What the exercise asks:
Search the records for "alike". Report every line where it occurs.
** Data section follows **
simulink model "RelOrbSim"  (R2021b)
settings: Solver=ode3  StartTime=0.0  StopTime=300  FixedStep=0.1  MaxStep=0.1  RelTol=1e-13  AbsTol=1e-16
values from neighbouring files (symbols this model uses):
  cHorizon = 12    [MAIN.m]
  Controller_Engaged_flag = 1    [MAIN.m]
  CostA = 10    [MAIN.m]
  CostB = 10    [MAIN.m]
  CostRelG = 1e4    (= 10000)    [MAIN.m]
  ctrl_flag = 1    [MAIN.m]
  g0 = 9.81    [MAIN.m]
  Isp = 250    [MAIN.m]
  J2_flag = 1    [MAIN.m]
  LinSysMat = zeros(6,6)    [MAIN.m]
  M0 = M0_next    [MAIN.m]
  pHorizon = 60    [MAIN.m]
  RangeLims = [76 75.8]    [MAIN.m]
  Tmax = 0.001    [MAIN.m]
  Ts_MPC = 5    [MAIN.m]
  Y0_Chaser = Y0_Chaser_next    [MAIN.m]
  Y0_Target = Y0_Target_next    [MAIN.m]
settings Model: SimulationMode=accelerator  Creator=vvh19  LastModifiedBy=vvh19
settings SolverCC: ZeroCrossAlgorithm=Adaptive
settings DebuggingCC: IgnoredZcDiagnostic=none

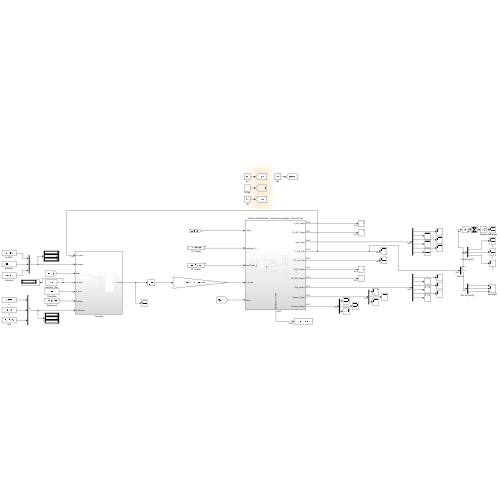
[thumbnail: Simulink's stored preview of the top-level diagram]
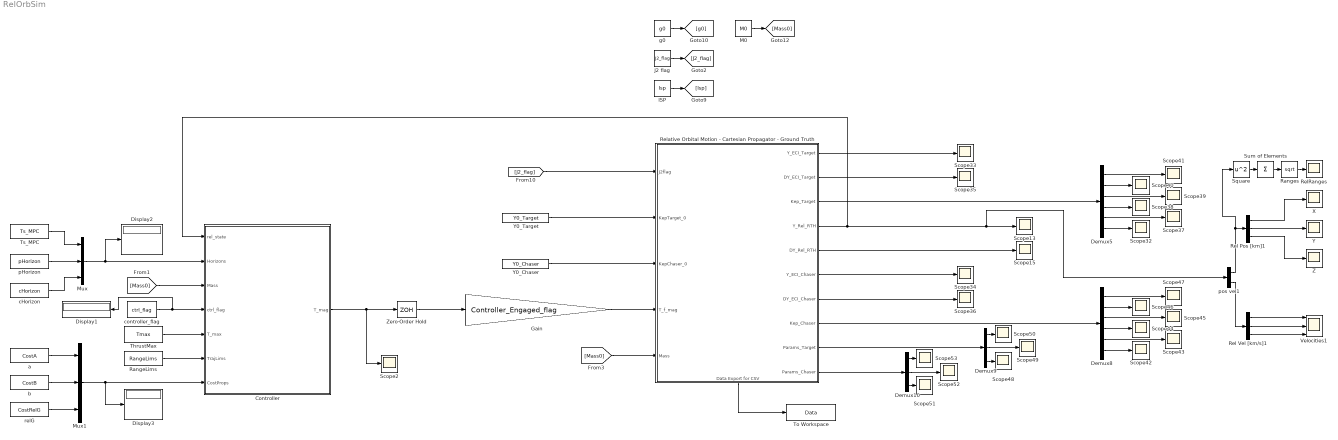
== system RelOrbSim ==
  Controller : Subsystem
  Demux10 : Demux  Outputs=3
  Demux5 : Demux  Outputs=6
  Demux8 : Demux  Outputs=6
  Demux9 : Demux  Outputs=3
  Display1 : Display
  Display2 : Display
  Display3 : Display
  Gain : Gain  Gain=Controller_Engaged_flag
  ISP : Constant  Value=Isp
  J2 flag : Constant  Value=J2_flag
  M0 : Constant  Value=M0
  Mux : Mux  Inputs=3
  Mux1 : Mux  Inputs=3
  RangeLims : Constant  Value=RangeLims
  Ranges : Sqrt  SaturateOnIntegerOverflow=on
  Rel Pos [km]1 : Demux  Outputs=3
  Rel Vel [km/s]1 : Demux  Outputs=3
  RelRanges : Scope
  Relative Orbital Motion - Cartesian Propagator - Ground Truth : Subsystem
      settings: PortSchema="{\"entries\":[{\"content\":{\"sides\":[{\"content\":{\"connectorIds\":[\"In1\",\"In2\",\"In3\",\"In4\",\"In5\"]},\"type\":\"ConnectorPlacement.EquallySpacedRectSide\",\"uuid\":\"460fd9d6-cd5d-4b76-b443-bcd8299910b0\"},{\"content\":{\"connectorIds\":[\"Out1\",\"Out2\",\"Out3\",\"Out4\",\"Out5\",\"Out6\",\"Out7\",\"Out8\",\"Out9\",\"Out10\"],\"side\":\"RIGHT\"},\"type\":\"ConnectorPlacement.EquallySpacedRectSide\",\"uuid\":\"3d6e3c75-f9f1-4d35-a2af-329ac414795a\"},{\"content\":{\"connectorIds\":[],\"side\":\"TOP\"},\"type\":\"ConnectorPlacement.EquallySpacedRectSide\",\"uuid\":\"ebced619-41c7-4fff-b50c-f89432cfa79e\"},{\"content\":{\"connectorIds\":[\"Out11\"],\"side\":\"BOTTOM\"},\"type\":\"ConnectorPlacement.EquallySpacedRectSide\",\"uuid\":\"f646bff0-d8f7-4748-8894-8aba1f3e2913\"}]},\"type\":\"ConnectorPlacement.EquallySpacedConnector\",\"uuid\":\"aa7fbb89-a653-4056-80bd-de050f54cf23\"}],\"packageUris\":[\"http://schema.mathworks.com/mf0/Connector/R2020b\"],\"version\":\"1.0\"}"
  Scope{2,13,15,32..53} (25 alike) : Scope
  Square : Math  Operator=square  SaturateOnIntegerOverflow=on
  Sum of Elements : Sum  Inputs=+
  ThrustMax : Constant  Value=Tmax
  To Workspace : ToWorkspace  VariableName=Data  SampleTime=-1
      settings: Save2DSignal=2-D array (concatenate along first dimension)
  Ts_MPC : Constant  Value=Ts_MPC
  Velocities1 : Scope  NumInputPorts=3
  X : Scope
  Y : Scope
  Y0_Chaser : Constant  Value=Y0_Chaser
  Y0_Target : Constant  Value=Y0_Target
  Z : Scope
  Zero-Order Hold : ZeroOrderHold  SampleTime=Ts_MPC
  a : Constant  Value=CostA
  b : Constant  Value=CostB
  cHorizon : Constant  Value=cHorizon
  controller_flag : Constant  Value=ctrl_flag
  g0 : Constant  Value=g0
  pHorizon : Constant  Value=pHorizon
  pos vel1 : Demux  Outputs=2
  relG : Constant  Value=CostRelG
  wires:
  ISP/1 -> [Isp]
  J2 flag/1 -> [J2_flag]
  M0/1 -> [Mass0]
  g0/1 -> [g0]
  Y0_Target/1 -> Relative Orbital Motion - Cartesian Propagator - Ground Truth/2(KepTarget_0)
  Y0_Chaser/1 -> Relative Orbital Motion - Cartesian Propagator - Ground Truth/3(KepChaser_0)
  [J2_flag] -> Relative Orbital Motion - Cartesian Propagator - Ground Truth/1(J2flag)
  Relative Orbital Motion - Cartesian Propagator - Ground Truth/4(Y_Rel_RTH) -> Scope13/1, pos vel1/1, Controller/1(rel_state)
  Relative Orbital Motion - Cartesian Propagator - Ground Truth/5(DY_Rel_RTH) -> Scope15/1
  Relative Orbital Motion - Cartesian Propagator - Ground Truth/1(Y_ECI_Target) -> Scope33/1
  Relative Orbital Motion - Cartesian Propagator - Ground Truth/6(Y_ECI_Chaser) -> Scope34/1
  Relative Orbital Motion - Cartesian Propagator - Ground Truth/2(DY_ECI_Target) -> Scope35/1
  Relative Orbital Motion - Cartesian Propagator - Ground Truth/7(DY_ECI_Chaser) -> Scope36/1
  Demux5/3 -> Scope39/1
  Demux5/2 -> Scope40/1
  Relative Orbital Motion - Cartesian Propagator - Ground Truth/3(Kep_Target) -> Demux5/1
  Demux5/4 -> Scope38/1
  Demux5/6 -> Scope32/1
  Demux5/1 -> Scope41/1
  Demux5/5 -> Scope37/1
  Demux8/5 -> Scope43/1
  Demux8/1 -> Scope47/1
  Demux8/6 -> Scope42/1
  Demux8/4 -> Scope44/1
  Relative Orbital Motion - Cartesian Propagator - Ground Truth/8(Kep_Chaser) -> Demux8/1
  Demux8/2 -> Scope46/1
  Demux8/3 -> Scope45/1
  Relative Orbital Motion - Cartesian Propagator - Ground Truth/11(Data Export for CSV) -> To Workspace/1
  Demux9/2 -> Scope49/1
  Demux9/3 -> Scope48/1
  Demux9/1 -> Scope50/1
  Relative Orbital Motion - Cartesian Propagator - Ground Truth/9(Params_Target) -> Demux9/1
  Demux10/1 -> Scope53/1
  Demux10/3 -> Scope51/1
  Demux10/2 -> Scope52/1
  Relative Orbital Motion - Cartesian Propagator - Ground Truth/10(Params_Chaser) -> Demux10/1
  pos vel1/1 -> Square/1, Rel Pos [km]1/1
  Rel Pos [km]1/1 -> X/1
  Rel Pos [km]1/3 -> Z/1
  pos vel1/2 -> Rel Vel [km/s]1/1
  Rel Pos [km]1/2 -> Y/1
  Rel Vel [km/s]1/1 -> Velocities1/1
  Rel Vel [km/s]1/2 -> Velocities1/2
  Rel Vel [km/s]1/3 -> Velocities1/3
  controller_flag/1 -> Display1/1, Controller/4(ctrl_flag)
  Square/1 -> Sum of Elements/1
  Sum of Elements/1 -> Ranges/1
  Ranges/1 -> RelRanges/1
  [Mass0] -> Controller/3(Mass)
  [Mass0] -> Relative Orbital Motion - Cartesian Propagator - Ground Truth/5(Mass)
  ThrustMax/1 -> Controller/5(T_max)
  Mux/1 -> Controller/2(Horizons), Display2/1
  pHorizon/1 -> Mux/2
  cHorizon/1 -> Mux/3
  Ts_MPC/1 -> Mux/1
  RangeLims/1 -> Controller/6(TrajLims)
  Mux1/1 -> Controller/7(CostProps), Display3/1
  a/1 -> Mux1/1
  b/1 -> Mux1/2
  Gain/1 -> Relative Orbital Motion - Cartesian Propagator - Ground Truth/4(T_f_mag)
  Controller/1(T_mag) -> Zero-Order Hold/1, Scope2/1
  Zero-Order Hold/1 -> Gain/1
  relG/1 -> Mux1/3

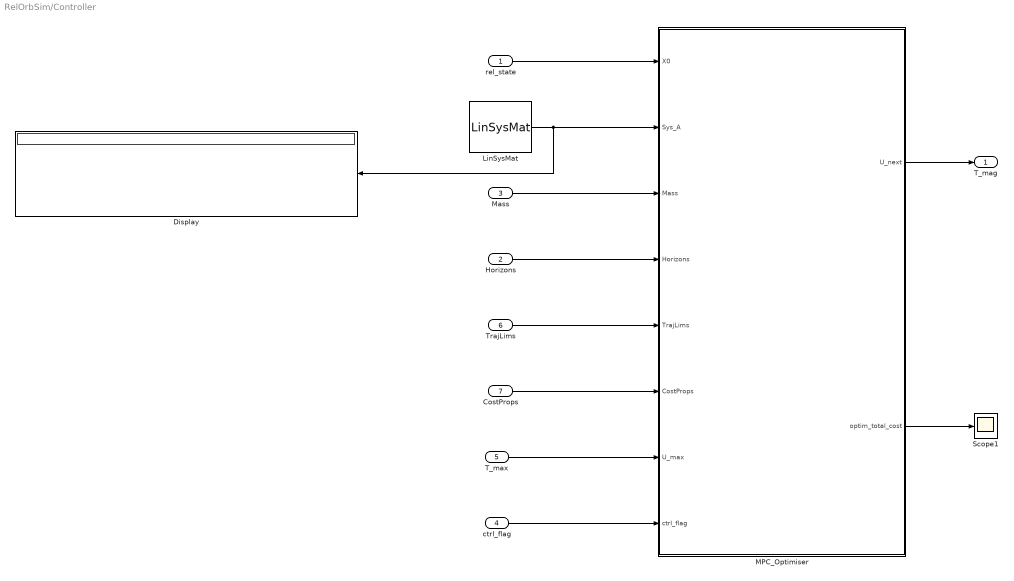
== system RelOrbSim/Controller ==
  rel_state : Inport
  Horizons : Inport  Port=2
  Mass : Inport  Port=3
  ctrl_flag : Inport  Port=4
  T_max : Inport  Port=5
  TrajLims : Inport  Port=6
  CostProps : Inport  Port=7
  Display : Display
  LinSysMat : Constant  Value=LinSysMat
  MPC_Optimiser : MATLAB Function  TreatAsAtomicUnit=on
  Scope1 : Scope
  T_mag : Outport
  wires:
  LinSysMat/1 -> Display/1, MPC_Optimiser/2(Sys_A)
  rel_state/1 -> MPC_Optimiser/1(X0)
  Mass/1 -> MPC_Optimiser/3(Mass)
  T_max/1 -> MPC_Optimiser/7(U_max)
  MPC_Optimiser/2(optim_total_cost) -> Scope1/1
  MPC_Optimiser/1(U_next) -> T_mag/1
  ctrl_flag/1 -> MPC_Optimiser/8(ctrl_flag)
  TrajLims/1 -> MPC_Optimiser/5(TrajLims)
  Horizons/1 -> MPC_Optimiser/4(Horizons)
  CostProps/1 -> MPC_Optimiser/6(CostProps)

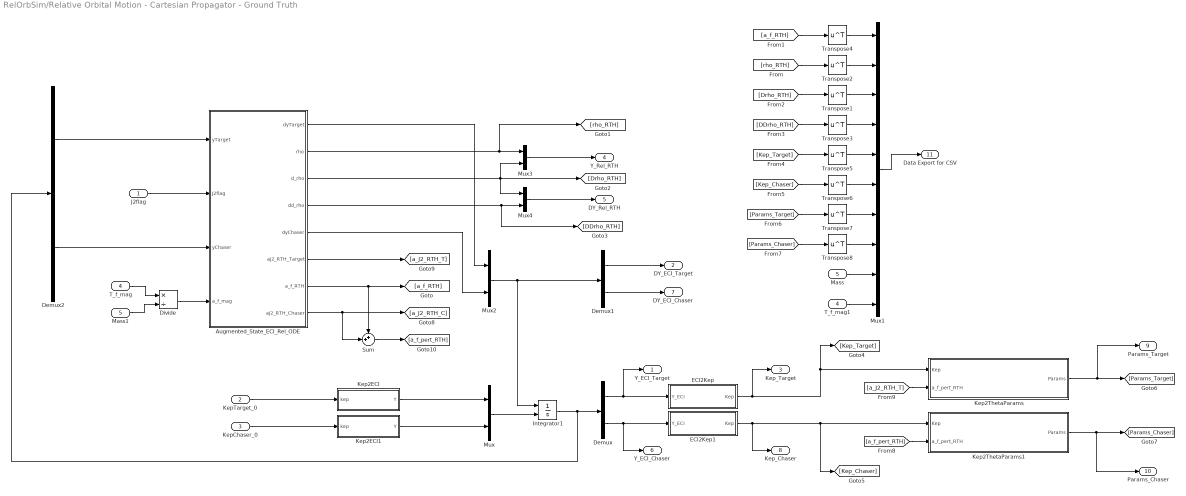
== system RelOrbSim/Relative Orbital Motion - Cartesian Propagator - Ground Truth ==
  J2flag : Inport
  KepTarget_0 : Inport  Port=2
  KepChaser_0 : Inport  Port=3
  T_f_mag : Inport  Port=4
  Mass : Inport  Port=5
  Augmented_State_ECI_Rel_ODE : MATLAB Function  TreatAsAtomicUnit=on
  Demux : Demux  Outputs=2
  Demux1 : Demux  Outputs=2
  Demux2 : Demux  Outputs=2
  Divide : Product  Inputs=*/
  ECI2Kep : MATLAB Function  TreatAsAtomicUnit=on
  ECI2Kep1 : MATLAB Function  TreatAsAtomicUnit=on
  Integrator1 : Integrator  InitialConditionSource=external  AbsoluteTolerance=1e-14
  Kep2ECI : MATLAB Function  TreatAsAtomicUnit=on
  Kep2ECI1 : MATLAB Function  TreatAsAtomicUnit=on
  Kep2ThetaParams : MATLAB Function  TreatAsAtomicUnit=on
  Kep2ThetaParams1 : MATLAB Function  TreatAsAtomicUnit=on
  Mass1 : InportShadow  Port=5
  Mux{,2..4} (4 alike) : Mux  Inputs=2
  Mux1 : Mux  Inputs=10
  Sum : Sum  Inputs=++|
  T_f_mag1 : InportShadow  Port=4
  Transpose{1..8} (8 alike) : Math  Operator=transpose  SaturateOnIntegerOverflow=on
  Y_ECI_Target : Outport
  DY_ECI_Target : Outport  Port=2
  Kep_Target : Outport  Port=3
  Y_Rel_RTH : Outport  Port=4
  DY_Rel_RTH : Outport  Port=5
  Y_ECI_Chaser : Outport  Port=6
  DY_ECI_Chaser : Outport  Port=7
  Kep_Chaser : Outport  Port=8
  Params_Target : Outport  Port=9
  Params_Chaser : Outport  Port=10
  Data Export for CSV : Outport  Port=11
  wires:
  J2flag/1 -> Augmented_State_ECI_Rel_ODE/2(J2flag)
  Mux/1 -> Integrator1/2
** End of Data section **
Exercise result:
  Scope{2,13,15,32..53} (25 alike) : Scope
  Mux{,2..4} (4 alike) : Mux  Inputs=2
  Transpose{1..8} (8 alike) : Math  Operator=transpose  SaturateOnIntegerOverflow=on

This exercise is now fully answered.